> [DIRECTIONS]: Transcribe the listing below only from the line with "#65=VECTOR('',#64,1.);" up to and including the line with "#72=ORIENTED_EDGE('',*,*,#54,.T.);".

> [DATA EXCERPTS]:
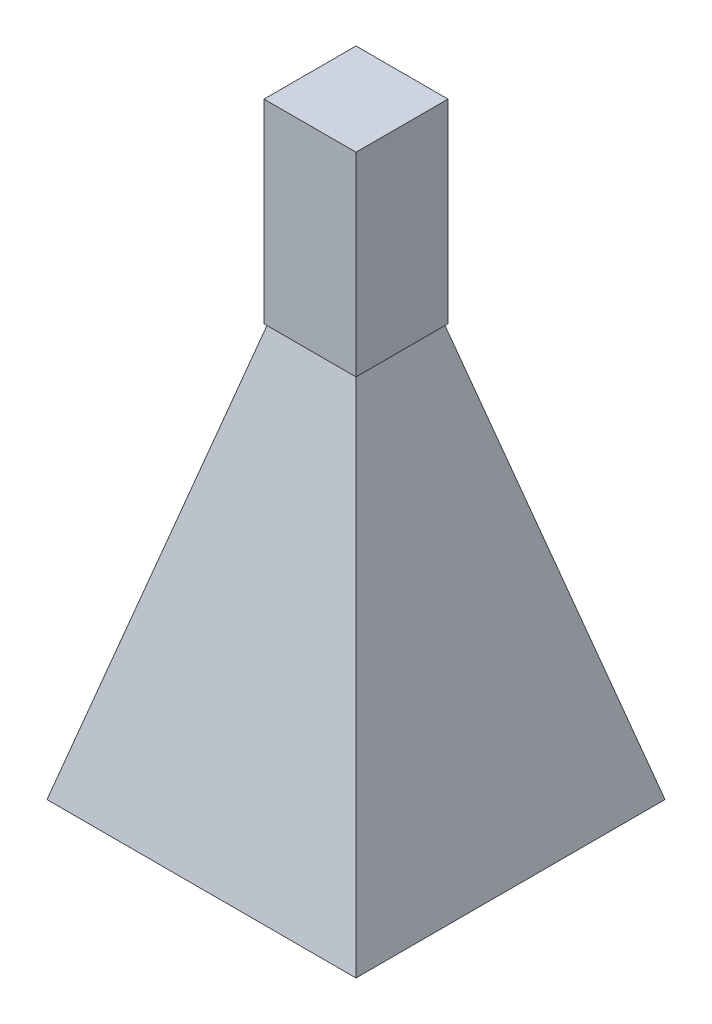
ISO-10303-21;
HEADER;
FILE_DESCRIPTION(('STEP AP214'),'2;1');
FILE_NAME('part.step','',(''),(''),'','','');
FILE_SCHEMA(('AUTOMOTIVE_DESIGN { 1 0 10303 214 1 1 1 1 }'));
ENDSEC;
DATA;
#1=APPLICATION_CONTEXT('core data for automotive mechanical design processes');
#2=APPLICATION_PROTOCOL_DEFINITION('international standard','automotive_design',2000,#1);
#3=PRODUCT_CONTEXT('',#1,'mechanical');
#4=PRODUCT('Part','Part','',(#3));
#5=PRODUCT_RELATED_PRODUCT_CATEGORY('part','',(#4));
#6=PRODUCT_DEFINITION_FORMATION('','',#4);
#7=PRODUCT_DEFINITION_CONTEXT('part definition',#1,'design');
#8=PRODUCT_DEFINITION('design','',#6,#7);
#9=PRODUCT_DEFINITION_SHAPE('','',#8);
#10=(LENGTH_UNIT() NAMED_UNIT(*) SI_UNIT(.MILLI.,.METRE.));
#11=(NAMED_UNIT(*) PLANE_ANGLE_UNIT() SI_UNIT($,.RADIAN.));
#12=(NAMED_UNIT(*) SI_UNIT($,.STERADIAN.) SOLID_ANGLE_UNIT());
#13=UNCERTAINTY_MEASURE_WITH_UNIT(LENGTH_MEASURE(1.E-05),#10,'distance_accuracy_value','');
#14=(GEOMETRIC_REPRESENTATION_CONTEXT(3) GLOBAL_UNCERTAINTY_ASSIGNED_CONTEXT((#13)) GLOBAL_UNIT_ASSIGNED_CONTEXT((#10,
#11,#12)) REPRESENTATION_CONTEXT('',''));
#15=CARTESIAN_POINT('',(0.,0.,0.));
#16=DIRECTION('',(0.,0.,1.));
#17=DIRECTION('',(1.,0.,0.));
#18=AXIS2_PLACEMENT_3D('',#15,#16,#17);
#19=CARTESIAN_POINT('',(0.,0.,-420.));
#20=DIRECTION('',(0.,0.258819045102521,-0.965925826289068));
#21=DIRECTION('',(0.,0.965925826289068,0.258819045102521));
#22=AXIS2_PLACEMENT_3D('',#19,#20,#21);
#23=PLANE('',#22);
#24=DIRECTION('',(-1.,0.,0.));
#25=VECTOR('',#24,1.);
#26=CARTESIAN_POINT('',(0.,560.,-269.948452238571));
#27=LINE('',#26,#25);
#28=CARTESIAN_POINT('',(269.948452238571,560.,-269.948452238571));
#29=VERTEX_POINT('',#28);
#30=CARTESIAN_POINT('',(150.051547761429,560.,-269.948452238571));
#31=VERTEX_POINT('',#30);
#32=EDGE_CURVE('E233',#29,#31,#27,.T.);
#33=ORIENTED_EDGE('',*,*,#32,.F.);
#34=DIRECTION('',(-0.250562807085732,0.935113126531029,0.250562807085732));
#35=VECTOR('',#34,1.);
#36=CARTESIAN_POINT('',(393.631677476234,98.4079193690586,-393.631677476234));
#37=LINE('',#36,#35);
#38=CARTESIAN_POINT('',(420.,0.,-420.));
#39=VERTEX_POINT('',#38);
#40=EDGE_CURVE('E267',#29,#39,#37,.F.);
#41=ORIENTED_EDGE('',*,*,#40,.T.);
#42=DIRECTION('',(1.,0.,0.));
#43=VECTOR('',#42,1.);
#44=CARTESIAN_POINT('',(0.,0.,-420.));
#45=LINE('',#44,#43);
#46=CARTESIAN_POINT('',(0.,0.,-420.));
#47=VERTEX_POINT('',#46);
#48=EDGE_CURVE('E250',#47,#39,#45,.T.);
#49=ORIENTED_EDGE('',*,*,#48,.F.);
#50=DIRECTION('',(-0.250562807085732,-0.935113126531029,-0.250562807085732));
#51=VECTOR('',#50,1.);
#52=CARTESIAN_POINT('',(26.3683225237664,98.4079193690586,-393.631677476234));
#53=LINE('',#52,#51);
#54=EDGE_CURVE('E42',#31,#47,#53,.T.);
#55=ORIENTED_EDGE('',*,*,#54,.F.);
#56=EDGE_LOOP('',(#33,#41,#49,#55));
#57=FACE_BOUND('',#56,.T.);
#58=ADVANCED_FACE('F33',(#57),#23,.T.);
#59=CARTESIAN_POINT('',(0.,0.,0.));
#60=DIRECTION('',(-0.965925826289068,0.258819045102521,0.));
#61=DIRECTION('',(-0.258819045102521,-0.965925826289068,0.));
#62=AXIS2_PLACEMENT_3D('',#59,#60,#61);
#63=PLANE('',#62);
#64=DIRECTION('',(0.,0.,1.));
#65=VECTOR('',#64,1.);
#66=CARTESIAN_POINT('',(150.051547761429,560.,0.));
#67=LINE('',#66,#65);
#68=CARTESIAN_POINT('',(150.051547761429,560.,-150.051547761429));
#69=VERTEX_POINT('',#68);
#70=EDGE_CURVE('E231',#31,#69,#67,.T.);
#71=ORIENTED_EDGE('',*,*,#70,.F.);
#72=ORIENTED_EDGE('',*,*,#54,.T.);
#73=DIRECTION('',(0.,0.,-1.));
#74=VECTOR('',#73,1.);
#75=CARTESIAN_POINT('',(0.,0.,0.));
#76=LINE('',#75,#74);
#77=CARTESIAN_POINT('',(0.,0.,0.));
#78=VERTEX_POINT('',#77);
#79=EDGE_CURVE('E264',#78,#47,#76,.T.);
#80=ORIENTED_EDGE('',*,*,#79,.F.);
#81=DIRECTION('',(0.250562807085732,0.935113126531029,-0.250562807085732));
#82=VECTOR('',#81,1.);
#83=CARTESIAN_POINT('',(0.,0.,0.));
#84=LINE('',#83,#82);
#85=EDGE_CURVE('E269',#69,#78,#84,.F.);
#86=ORIENTED_EDGE('',*,*,#85,.F.);
#87=EDGE_LOOP('',(#71,#72,#80,#86));
#88=FACE_BOUND('',#87,.T.);
#89=ADVANCED_FACE('F35',(#88),#63,.T.);
#90=CARTESIAN_POINT('',(0.,0.,0.));
#91=DIRECTION('',(0.,0.258819045102521,0.965925826289068));
#92=DIRECTION('',(0.,-0.965925826289068,0.258819045102521));
#93=AXIS2_PLACEMENT_3D('',#90,#91,#92);
#94=PLANE('',#93);
#95=DIRECTION('',(0.250562807085732,-0.935113126531029,0.250562807085732));
#96=VECTOR('',#95,1.);
#97=CARTESIAN_POINT('',(420.,0.,0.));
#98=LINE('',#97,#96);
#99=CARTESIAN_POINT('',(269.948452238571,560.,-150.051547761429));
#100=VERTEX_POINT('',#99);
#101=CARTESIAN_POINT('',(420.,0.,0.));
#102=VERTEX_POINT('',#101);
#103=EDGE_CURVE('E271',#100,#102,#98,.T.);
#104=ORIENTED_EDGE('',*,*,#103,.F.);
#105=DIRECTION('',(1.,0.,0.));
#106=VECTOR('',#105,1.);
#107=CARTESIAN_POINT('',(0.,560.,-150.051547761429));
#108=LINE('',#107,#106);
#109=EDGE_CURVE('E57',#100,#69,#108,.F.);
#110=ORIENTED_EDGE('',*,*,#109,.T.);
#111=ORIENTED_EDGE('',*,*,#85,.T.);
#112=DIRECTION('',(1.,0.,0.));
#113=VECTOR('',#112,1.);
#114=CARTESIAN_POINT('',(0.,0.,0.));
#115=LINE('',#114,#113);
#116=EDGE_CURVE('E261',#78,#102,#115,.T.);
#117=ORIENTED_EDGE('',*,*,#116,.T.);
#118=EDGE_LOOP('',(#104,#110,#111,#117));
#119=FACE_BOUND('',#118,.T.);
#120=ADVANCED_FACE('F277',(#119),#94,.T.);
#121=CARTESIAN_POINT('',(420.,0.,0.));
#122=DIRECTION('',(0.965925826289068,0.258819045102521,0.));
#123=DIRECTION('',(-0.258819045102521,0.965925826289068,0.));
#124=AXIS2_PLACEMENT_3D('',#121,#122,#123);
#125=PLANE('',#124);
#126=ORIENTED_EDGE('',*,*,#40,.F.);
#127=DIRECTION('',(0.,0.,-1.));
#128=VECTOR('',#127,1.);
#129=CARTESIAN_POINT('',(269.948452238571,560.,0.));
#130=LINE('',#129,#128);
#131=EDGE_CURVE('E228',#29,#100,#130,.F.);
#132=ORIENTED_EDGE('',*,*,#131,.T.);
#133=ORIENTED_EDGE('',*,*,#103,.T.);
#134=DIRECTION('',(0.,0.,-1.));
#135=VECTOR('',#134,1.);
#136=CARTESIAN_POINT('',(420.,0.,0.));
#137=LINE('',#136,#135);
#138=EDGE_CURVE('E258',#102,#39,#137,.T.);
#139=ORIENTED_EDGE('',*,*,#138,.T.);
#140=EDGE_LOOP('',(#126,#132,#133,#139));
#141=FACE_BOUND('',#140,.T.);
#142=ADVANCED_FACE('F290',(#141),#125,.T.);
#143=CARTESIAN_POINT('',(0.,0.,0.));
#144=DIRECTION('',(0.,1.,0.));
#145=DIRECTION('',(0.,0.,1.));
#146=AXIS2_PLACEMENT_3D('',#143,#144,#145);
#147=PLANE('',#146);
#148=DIRECTION('',(1.,0.,0.));
#149=VECTOR('',#148,1.);
#150=CARTESIAN_POINT('',(5.,0.,-415.));
#151=LINE('',#150,#149);
#152=CARTESIAN_POINT('',(5.,0.,-415.));
#153=VERTEX_POINT('',#152);
#154=CARTESIAN_POINT('',(415.,0.,-415.));
#155=VERTEX_POINT('',#154);
#156=EDGE_CURVE('E238',#153,#155,#151,.T.);
#157=ORIENTED_EDGE('',*,*,#156,.F.);
#158=DIRECTION('',(0.,0.,-1.));
#159=VECTOR('',#158,1.);
#160=CARTESIAN_POINT('',(5.,0.,-5.));
#161=LINE('',#160,#159);
#162=CARTESIAN_POINT('',(5.,0.,-5.));
#163=VERTEX_POINT('',#162);
#164=EDGE_CURVE('E235',#163,#153,#161,.T.);
#165=ORIENTED_EDGE('',*,*,#164,.F.);
#166=DIRECTION('',(-1.,0.,0.));
#167=VECTOR('',#166,1.);
#168=CARTESIAN_POINT('',(415.,0.,-5.));
#169=LINE('',#168,#167);
#170=CARTESIAN_POINT('',(415.,0.,-5.));
#171=VERTEX_POINT('',#170);
#172=EDGE_CURVE('E244',#171,#163,#169,.T.);
#173=ORIENTED_EDGE('',*,*,#172,.F.);
#174=DIRECTION('',(0.,0.,1.));
#175=VECTOR('',#174,1.);
#176=CARTESIAN_POINT('',(415.,0.,-415.));
#177=LINE('',#176,#175);
#178=EDGE_CURVE('E241',#155,#171,#177,.T.);
#179=ORIENTED_EDGE('',*,*,#178,.F.);
#180=EDGE_LOOP('',(#157,#165,#173,#179));
#181=FACE_BOUND('',#180,.T.);
#182=ORIENTED_EDGE('',*,*,#48,.T.);
#183=ORIENTED_EDGE('',*,*,#138,.F.);
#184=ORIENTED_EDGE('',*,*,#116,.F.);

> [EXERCISE OUTPUT]:
#65=VECTOR('',#64,1.);
#66=CARTESIAN_POINT('',(150.051547761429,560.,0.));
#67=LINE('',#66,#65);
#68=CARTESIAN_POINT('',(150.051547761429,560.,-150.051547761429));
#69=VERTEX_POINT('',#68);
#70=EDGE_CURVE('E231',#31,#69,#67,.T.);
#71=ORIENTED_EDGE('',*,*,#70,.F.);
#72=ORIENTED_EDGE('',*,*,#54,.T.);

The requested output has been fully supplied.